Thursday, August 25, 2016

Brown Ambition


The other night I had a text exchange with a very good friend. We were catching up, like we normally do. She had an emergency at home with her husband's health that fortunately worked out for the best. And we started talking about productivity and submitting  material to various theatres.

She talked about how she was reframing rejections for herself. She had read an article that really helped her that talked about collecting rejections. She forwarded it to me and I read it. In the article, the author talks about how she decided instead of being bummed out by the number of literary rejections she was getting, she would now actively pursue her rejections. Because the more rejections she got, that meant the more she was putting herself out there. 

My approach to submissions is to send stuff out and forget about it. When I get a letter of rejection, then I remember that I had submitted somewhere. I instantly detach. My friend keeps track of when she's supposed to hear back about something - that keeps her motivated. We have two completely separate approaches. But each approach works for us. For me, focusing on a rejection - or collecting one - means that I'm thinking about the submission and waiting for an answer. That would drive me personally crazy. I've got to be focused on the work ahead of me, regardless of the outcome. We chatted about our differences via text and I got a text back saying, "I wish I wasn't so ambitious."

Did my process of letting go of results mean I wasn't ambitious?

I had to think about that for a moment. I work hard and I compete on a professional level. I had my first professional staff job on a TV show this year. I'm working on a new play with my theatre company. I have a manager. I've been writing pilots. I am ambitious. But I'm not worried about the outcome. I'm worried about the work.

My friend says that it's not about the outcome, but it's about the opportunity. She really wants those opportunities. I agree. The opportunity to develop your work can only make it better. That's why I have my writer's group that I'm a part of. That's why I've run workshops for my playwrights group for the past three years. That's why I teach. I give myself as many opportunities to be in community with people and do the work. I'm not doing it on a nationally recognized level. I'm not doing it with a name brand attached. But I'm doing that work 24/7, 365 days a year.

That doesn't mean that what I'm doing is better. But I'm getting those development opportunities because I'm putting myself out there. I'm involved with Chalk Rep because of the writer's group. I had material to bring into the writer's group because I had just finished a play that I developed for eight months with Moving Arts last year and I needed a distraction - from everyone who said that one of the big development entities was going to develop that play because it was good and timely. NOT ONE DID. And if I had waited for that, I would have missed out on so much in this past year. 

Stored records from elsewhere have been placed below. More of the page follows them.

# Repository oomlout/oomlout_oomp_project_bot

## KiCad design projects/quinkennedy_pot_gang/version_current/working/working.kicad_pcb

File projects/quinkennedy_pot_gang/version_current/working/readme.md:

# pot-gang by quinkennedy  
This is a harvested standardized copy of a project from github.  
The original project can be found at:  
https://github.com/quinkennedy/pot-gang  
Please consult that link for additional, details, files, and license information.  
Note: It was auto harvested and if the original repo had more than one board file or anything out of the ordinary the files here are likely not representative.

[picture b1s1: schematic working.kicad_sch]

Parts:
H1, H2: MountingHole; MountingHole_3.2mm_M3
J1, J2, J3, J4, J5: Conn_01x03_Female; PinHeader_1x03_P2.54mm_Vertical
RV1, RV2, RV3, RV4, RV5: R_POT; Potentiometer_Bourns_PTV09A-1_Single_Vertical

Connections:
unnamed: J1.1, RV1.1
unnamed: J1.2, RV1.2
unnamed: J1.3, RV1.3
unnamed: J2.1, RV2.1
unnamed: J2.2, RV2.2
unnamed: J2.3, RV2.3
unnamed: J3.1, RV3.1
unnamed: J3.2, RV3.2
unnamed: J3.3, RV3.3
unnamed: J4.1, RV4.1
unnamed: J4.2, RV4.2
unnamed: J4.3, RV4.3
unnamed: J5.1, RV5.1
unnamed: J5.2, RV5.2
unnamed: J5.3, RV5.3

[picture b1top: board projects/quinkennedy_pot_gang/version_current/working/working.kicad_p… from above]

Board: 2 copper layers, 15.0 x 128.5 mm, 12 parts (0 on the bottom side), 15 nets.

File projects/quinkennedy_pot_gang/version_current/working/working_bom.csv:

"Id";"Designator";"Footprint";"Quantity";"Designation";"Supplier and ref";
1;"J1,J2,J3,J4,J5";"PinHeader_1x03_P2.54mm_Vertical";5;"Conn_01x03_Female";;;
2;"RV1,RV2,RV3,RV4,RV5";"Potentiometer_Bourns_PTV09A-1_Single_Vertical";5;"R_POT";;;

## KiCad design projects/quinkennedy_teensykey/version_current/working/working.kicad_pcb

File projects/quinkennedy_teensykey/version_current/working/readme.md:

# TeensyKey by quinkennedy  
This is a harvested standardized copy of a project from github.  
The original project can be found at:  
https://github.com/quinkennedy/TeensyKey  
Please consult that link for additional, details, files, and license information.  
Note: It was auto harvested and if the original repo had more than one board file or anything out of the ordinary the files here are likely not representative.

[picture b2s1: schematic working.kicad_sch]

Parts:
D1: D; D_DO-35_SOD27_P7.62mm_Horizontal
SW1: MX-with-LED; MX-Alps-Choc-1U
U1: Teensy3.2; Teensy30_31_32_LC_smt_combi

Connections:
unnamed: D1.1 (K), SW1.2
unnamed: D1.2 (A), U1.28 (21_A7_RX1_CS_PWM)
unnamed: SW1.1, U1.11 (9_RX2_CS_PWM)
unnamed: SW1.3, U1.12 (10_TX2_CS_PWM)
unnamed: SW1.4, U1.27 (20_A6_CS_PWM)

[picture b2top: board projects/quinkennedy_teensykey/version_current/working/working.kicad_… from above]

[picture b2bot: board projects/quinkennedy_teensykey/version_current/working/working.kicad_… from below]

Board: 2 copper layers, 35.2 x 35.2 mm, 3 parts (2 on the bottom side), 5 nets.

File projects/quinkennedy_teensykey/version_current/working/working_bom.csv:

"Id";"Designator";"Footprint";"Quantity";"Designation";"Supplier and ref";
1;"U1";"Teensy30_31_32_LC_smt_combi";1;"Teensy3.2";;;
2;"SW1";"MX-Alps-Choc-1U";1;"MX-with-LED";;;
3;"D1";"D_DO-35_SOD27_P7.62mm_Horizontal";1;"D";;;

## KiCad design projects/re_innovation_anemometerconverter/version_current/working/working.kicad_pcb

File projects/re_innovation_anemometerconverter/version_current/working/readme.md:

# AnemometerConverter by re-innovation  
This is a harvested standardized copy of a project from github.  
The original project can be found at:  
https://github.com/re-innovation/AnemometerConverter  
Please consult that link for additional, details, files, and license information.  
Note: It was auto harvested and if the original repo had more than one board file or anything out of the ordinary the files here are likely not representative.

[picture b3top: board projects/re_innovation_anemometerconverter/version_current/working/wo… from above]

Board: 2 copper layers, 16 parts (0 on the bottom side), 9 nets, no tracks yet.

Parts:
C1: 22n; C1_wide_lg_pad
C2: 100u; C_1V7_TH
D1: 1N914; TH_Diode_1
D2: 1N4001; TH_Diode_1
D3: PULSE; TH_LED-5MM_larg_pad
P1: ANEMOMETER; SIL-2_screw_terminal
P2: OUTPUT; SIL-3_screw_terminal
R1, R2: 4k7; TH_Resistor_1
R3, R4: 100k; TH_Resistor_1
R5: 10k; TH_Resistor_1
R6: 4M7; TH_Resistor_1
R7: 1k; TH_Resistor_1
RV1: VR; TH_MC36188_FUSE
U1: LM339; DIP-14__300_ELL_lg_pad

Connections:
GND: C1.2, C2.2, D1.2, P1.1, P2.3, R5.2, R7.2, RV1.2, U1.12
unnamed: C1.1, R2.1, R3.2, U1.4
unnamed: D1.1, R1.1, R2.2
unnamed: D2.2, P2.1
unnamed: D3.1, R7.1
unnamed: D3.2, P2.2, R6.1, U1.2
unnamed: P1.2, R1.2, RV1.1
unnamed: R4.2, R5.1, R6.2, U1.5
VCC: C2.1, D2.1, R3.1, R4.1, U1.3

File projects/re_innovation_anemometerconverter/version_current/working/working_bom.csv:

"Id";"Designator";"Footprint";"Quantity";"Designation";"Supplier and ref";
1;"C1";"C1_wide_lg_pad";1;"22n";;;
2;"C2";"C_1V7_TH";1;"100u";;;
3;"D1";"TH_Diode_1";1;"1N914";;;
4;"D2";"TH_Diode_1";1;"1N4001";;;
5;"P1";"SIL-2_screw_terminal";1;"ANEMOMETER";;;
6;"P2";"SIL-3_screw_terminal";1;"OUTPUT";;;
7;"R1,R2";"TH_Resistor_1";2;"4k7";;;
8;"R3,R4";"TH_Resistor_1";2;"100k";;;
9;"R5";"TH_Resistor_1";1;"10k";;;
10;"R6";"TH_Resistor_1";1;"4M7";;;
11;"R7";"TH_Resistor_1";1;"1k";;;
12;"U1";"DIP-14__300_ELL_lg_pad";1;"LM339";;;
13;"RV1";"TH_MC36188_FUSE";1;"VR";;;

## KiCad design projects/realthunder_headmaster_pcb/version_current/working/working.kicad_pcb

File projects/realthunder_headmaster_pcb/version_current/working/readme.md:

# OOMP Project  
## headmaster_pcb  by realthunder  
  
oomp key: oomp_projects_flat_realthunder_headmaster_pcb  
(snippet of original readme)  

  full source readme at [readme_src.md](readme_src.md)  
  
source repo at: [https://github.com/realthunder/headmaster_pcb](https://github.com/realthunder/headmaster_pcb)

Would I have loved to have flown out to the O'Neill? Or been in Ojai? Or been presented and anointed at the Pacific Playwrights Festival or Humana like many of my friends and colleagues have been? Absolutely. It will be an honor when those things happen. But today, I go to rehearsal. I workshop this new play because I decided ten months ago that I needed to keep writing because I couldn't listen to those voices and get my hopes up. I needed to work on the next thing. And I did. And that got noticed - totally by my surprise. The leader of the writer's workshop got behind it. My work as an active participant for the six months before that where I didn't bring any work in because I was already working on something, but I showed up and listened to the new work being brought in - that work was getting recognized and I didn't even know it. I finished that play in February and gave it to the leader of the group, who loved it. They decided to do a workshop. Then they decided to invite me into their company. That was in April and May.

So if I had waited for those big opportunities, I would have missed out on this one. Now I'm a part of a theatre company that wanted me. That reached out to me and asked me to join. No other writers were asked. One other company member was brought in. I now have an artistic home. That means more to me than those national titles. And in fact, those national titles are in far closer reach because I now am associated with a recognized theatre company. I have legitimacy. I also have the security of having a home and knowing that anything I write will be read. Maybe not produced by them every time. But I will always have an opportunity to hear my work read out loud and workshopped. 

That makes me a better writer. That makes me more competitive. So it's not about a lack of ambition, it's about a need to be driven by what I'm doing in the day to day - not in the distant future. It's about living in the now. My friend - who I love and respect - has her way of dealing with her career. And it's what gets her out of bed every morning and gets her excited to write. It's about the goal she sets for herself and she will find success on that path. 

Not every way works for every person. That way would make me crazy. It's too goal-oriented and not process-oriented for me. It's about external validation, which I'm working on needing less. That doesn't mean that validation doesn't come. It means that I am detaching myself from it. The external validation will come because that's what happens when you do something and someone notices and likes it. It's a natural result of getting work out there. But I don't live and die by that praise or rejection. I keep going regardless of the good or the bad.

It doesn't mean that I'm not ambitious. That notion I do reject. I'm hella ambitious - because I'm curious. Because I want to problem solve. Because I want to see what happens when I sit down for the work.

My intention is to take a leap.
My intention is to take a leap.
My intention is to take a leap.

I am grateful for artistic debate.
I am grateful to know my process.
I am grateful that the work is getting done.